##### EXERCISE DATA
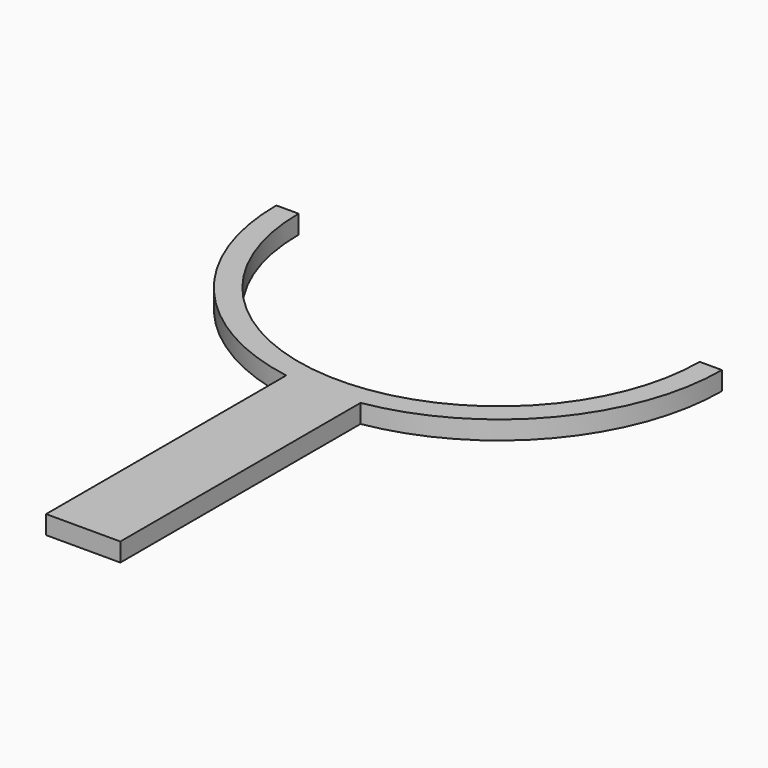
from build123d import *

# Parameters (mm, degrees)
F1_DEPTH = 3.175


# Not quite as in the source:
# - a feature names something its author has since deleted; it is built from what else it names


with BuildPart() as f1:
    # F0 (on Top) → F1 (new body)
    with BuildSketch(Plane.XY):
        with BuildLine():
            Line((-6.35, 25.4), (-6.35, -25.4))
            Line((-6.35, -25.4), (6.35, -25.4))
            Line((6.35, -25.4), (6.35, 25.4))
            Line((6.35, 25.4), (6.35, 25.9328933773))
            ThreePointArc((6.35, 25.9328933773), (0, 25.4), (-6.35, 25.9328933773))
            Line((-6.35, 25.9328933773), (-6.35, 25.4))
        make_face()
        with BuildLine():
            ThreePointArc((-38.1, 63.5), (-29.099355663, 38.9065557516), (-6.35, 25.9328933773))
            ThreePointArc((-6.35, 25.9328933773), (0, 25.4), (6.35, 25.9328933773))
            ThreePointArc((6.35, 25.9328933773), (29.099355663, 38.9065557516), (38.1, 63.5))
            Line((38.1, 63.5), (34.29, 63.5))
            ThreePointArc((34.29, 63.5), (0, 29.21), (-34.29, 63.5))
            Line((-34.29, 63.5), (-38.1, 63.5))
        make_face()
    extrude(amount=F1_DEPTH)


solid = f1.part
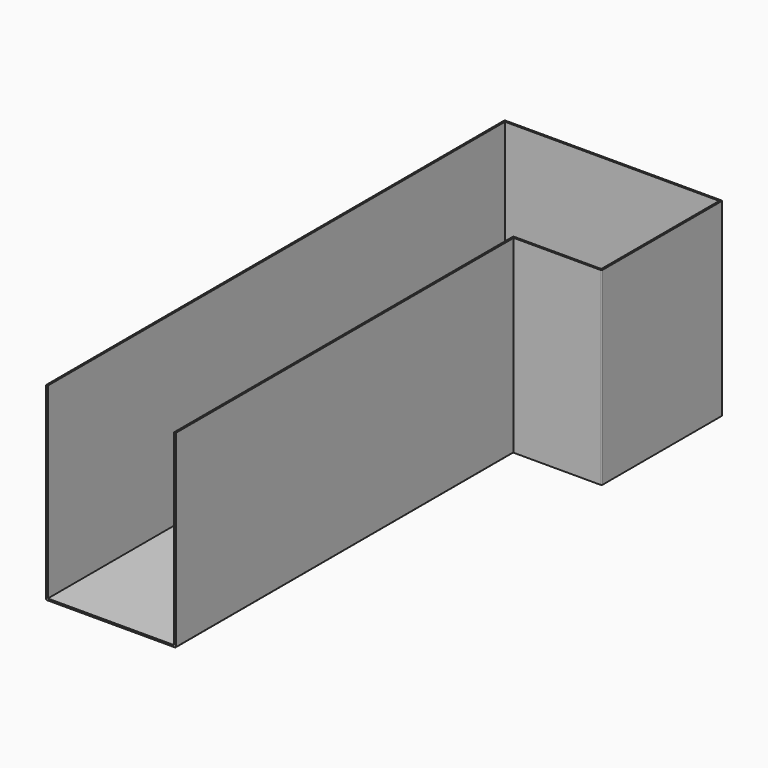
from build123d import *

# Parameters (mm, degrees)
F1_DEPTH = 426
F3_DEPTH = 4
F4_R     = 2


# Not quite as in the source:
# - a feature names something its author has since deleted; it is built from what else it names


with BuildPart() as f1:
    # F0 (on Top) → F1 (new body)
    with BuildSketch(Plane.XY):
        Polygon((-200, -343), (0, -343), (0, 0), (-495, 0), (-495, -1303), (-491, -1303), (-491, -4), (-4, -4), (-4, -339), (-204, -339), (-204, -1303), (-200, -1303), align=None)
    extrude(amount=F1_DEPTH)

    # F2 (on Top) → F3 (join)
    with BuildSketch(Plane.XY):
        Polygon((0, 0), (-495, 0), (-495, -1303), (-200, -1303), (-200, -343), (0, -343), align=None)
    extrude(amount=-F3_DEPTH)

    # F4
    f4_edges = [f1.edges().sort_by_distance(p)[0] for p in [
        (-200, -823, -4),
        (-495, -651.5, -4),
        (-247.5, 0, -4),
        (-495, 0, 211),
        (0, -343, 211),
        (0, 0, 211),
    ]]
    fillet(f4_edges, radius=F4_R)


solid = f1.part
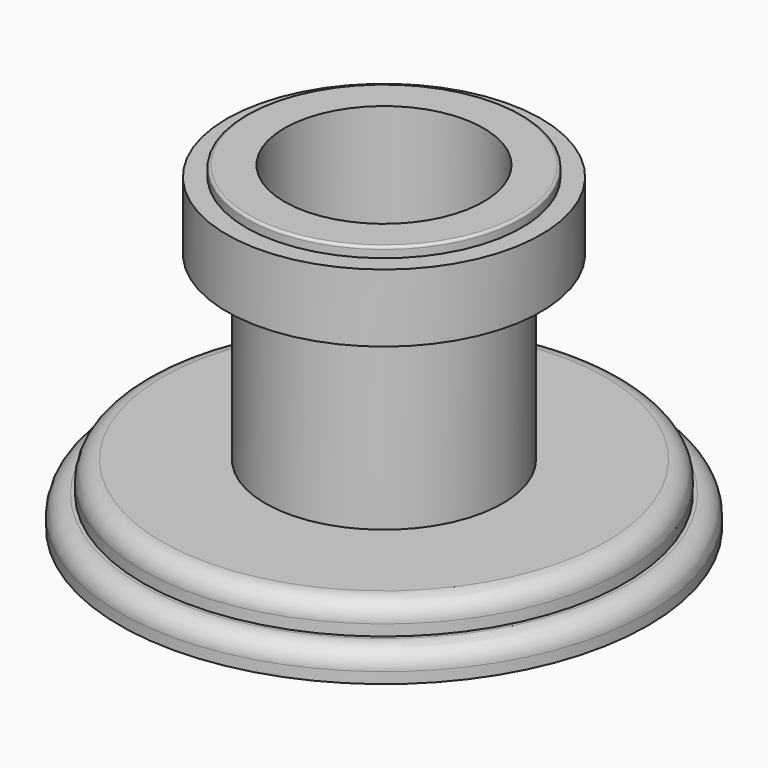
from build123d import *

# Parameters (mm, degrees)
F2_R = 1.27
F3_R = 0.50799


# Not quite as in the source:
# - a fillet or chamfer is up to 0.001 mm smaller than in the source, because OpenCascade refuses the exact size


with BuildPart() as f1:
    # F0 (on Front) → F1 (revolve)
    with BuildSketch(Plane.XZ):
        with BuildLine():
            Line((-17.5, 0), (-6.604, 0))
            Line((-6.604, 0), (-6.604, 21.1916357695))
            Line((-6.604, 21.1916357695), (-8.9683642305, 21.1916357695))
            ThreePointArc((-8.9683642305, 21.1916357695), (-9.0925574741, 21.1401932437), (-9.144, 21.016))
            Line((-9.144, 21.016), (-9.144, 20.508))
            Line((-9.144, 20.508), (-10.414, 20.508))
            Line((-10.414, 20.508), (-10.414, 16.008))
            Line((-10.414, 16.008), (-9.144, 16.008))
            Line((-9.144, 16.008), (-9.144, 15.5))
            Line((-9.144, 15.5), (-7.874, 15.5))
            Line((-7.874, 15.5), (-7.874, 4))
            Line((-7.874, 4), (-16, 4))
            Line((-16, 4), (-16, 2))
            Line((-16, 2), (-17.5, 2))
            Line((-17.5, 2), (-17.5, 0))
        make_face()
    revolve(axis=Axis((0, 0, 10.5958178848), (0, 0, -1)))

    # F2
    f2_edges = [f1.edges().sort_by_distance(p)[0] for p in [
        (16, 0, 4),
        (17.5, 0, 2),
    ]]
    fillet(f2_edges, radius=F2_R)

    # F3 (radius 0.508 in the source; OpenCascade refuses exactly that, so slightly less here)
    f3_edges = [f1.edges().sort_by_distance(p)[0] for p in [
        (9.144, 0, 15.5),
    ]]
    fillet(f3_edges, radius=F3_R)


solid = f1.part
##########
**WHAT TO WORK ON**
Wherever a line above contains "align", copy that line.

**SOLUTION TO THE EXERCISE**
        Polygon((-200, -343), (0, -343), (0, 0), (-495, 0), (-495, -1303), (-491, -1303), (-491, -4), (-4, -4), (-4, -339), (-204, -339), (-204, -1303), (-200, -1303), align=None)
        Polygon((0, 0), (-495, 0), (-495, -1303), (-200, -1303), (-200, -343), (0, -343), align=None)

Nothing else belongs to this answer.